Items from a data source
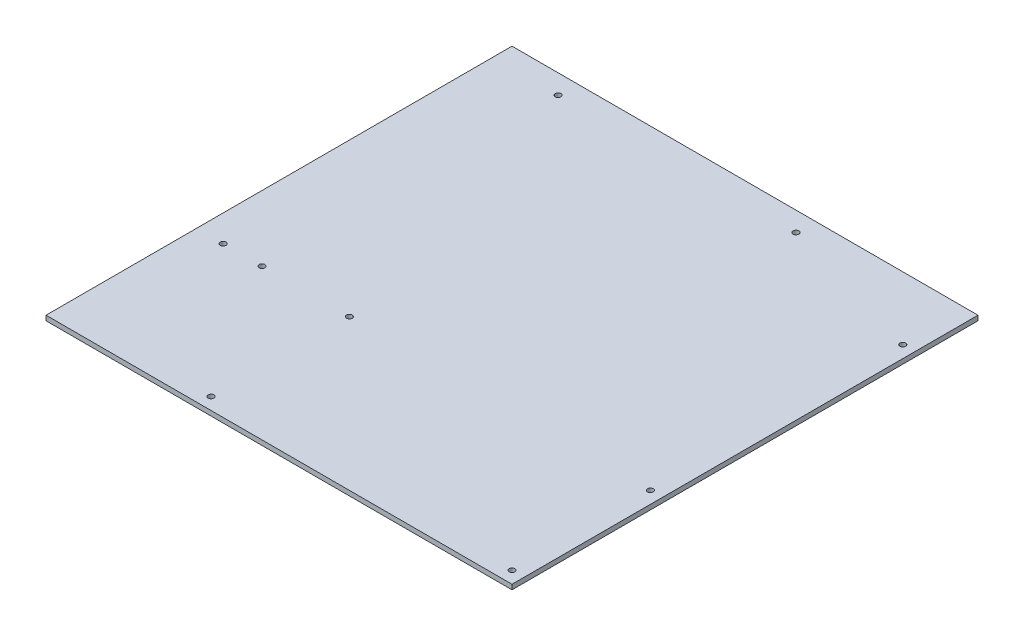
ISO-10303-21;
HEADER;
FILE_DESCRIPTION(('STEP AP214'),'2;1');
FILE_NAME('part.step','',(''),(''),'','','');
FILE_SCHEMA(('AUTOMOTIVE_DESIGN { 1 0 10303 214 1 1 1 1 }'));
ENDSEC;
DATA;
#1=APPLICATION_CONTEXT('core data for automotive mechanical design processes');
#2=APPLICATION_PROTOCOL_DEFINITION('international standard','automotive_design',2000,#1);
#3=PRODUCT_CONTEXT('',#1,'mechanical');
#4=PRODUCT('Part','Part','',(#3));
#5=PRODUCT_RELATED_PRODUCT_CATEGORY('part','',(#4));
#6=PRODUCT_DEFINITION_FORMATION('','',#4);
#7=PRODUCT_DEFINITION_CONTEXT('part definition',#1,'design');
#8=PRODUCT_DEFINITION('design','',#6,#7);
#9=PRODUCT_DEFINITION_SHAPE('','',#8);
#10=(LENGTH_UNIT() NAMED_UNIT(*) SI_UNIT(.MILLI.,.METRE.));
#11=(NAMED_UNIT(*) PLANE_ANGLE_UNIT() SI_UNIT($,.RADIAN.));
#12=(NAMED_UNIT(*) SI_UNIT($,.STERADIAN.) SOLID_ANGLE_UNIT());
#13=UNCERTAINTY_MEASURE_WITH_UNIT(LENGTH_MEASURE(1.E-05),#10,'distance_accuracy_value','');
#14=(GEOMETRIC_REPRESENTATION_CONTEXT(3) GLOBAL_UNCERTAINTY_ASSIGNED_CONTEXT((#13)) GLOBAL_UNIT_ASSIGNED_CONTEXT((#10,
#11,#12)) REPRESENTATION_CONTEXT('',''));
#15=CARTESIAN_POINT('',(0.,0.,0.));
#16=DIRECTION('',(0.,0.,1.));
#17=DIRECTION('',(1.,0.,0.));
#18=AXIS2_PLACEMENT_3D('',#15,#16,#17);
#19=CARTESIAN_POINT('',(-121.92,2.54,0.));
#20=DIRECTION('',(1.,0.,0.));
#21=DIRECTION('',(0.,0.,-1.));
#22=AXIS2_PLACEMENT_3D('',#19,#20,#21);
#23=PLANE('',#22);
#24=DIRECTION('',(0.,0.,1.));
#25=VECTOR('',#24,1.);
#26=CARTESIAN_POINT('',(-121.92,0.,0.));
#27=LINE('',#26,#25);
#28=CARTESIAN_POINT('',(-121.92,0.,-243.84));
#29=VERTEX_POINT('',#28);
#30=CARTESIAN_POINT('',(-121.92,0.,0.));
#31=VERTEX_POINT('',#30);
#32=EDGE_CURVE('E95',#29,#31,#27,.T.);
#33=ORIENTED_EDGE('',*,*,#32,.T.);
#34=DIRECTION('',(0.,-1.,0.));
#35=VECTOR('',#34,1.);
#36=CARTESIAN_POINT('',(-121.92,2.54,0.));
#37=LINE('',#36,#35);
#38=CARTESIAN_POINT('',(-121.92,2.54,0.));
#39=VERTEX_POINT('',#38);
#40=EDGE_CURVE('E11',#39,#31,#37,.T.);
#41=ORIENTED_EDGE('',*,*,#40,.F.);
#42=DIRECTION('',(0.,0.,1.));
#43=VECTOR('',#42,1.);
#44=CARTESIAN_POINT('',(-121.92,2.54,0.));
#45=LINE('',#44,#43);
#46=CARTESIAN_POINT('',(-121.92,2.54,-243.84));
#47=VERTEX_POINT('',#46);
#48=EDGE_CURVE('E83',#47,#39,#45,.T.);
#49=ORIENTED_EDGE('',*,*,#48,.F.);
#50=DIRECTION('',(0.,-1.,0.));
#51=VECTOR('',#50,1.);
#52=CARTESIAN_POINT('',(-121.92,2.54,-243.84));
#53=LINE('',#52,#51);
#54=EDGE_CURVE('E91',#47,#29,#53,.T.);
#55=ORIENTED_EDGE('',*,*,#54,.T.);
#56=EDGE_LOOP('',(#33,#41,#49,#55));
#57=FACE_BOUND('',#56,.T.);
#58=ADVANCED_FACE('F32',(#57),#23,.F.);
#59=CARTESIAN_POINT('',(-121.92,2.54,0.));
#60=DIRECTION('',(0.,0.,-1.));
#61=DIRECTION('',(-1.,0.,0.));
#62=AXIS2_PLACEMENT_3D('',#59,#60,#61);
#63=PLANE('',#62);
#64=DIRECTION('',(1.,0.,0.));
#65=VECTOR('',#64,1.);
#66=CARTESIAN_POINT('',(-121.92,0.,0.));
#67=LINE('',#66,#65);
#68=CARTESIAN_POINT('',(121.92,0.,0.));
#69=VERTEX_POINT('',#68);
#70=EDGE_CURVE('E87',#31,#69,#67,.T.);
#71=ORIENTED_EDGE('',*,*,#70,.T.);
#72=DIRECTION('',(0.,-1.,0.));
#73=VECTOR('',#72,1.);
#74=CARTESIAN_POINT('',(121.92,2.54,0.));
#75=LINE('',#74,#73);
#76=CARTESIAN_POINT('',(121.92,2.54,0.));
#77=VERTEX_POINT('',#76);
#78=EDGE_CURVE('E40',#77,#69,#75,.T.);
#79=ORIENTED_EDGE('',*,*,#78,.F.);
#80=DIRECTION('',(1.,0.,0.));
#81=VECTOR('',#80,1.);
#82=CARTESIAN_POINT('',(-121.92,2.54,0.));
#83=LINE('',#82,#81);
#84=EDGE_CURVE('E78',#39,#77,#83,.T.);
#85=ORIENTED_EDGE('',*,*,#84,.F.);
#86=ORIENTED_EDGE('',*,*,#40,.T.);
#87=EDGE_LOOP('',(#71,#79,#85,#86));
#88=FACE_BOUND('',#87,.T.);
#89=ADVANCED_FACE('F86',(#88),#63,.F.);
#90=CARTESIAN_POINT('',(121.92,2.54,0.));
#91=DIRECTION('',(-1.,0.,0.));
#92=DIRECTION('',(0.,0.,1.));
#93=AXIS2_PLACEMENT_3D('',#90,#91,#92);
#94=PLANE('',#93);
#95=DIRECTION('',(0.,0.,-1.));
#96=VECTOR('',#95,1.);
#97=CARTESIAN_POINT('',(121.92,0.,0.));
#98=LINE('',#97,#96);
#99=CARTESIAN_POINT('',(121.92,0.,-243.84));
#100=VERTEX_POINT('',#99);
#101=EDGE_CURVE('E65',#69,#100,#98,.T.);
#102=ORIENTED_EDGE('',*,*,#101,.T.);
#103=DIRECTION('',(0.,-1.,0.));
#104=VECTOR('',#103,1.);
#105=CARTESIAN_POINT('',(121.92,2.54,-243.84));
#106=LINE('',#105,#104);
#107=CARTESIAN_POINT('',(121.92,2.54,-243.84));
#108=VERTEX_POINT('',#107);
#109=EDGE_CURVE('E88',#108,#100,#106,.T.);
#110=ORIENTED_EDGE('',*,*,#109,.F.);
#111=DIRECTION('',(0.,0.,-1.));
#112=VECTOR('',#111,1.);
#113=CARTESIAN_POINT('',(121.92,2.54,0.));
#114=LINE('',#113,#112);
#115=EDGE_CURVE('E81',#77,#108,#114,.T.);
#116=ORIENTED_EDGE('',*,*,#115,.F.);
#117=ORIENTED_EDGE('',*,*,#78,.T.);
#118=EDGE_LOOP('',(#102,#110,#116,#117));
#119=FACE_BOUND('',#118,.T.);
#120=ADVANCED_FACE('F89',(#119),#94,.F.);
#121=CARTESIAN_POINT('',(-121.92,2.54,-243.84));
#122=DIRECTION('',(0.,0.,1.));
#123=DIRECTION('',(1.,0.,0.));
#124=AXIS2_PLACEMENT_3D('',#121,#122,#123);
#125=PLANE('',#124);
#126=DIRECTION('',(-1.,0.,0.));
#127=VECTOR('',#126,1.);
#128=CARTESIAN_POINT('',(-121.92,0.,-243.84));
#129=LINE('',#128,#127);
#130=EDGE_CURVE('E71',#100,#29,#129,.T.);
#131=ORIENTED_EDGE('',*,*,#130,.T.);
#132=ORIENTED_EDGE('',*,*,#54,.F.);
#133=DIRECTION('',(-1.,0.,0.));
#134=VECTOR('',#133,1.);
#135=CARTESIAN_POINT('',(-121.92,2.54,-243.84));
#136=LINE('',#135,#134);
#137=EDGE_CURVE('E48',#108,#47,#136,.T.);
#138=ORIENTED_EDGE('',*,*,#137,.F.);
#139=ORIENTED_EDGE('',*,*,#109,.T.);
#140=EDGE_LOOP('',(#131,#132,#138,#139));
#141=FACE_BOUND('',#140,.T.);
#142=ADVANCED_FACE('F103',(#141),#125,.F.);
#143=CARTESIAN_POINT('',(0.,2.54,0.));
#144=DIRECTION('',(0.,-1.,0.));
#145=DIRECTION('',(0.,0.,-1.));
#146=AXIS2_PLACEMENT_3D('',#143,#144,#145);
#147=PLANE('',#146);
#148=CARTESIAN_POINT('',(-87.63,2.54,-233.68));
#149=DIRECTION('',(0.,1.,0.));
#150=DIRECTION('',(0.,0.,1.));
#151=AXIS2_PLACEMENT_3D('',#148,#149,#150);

**Prompt:** Repeat, word for word and with no pictures, only the lines running from the beginning of the data to the line that contains "#4=PRODUCT('Part','Part','',(#3));".

**Answer box:**
ISO-10303-21;
HEADER;
FILE_DESCRIPTION(('STEP AP214'),'2;1');
FILE_NAME('part.step','',(''),(''),'','','');
FILE_SCHEMA(('AUTOMOTIVE_DESIGN { 1 0 10303 214 1 1 1 1 }'));
ENDSEC;
DATA;
#1=APPLICATION_CONTEXT('core data for automotive mechanical design processes');
#2=APPLICATION_PROTOCOL_DEFINITION('international standard','automotive_design',2000,#1);
#3=PRODUCT_CONTEXT('',#1,'mechanical');
#4=PRODUCT('Part','Part','',(#3));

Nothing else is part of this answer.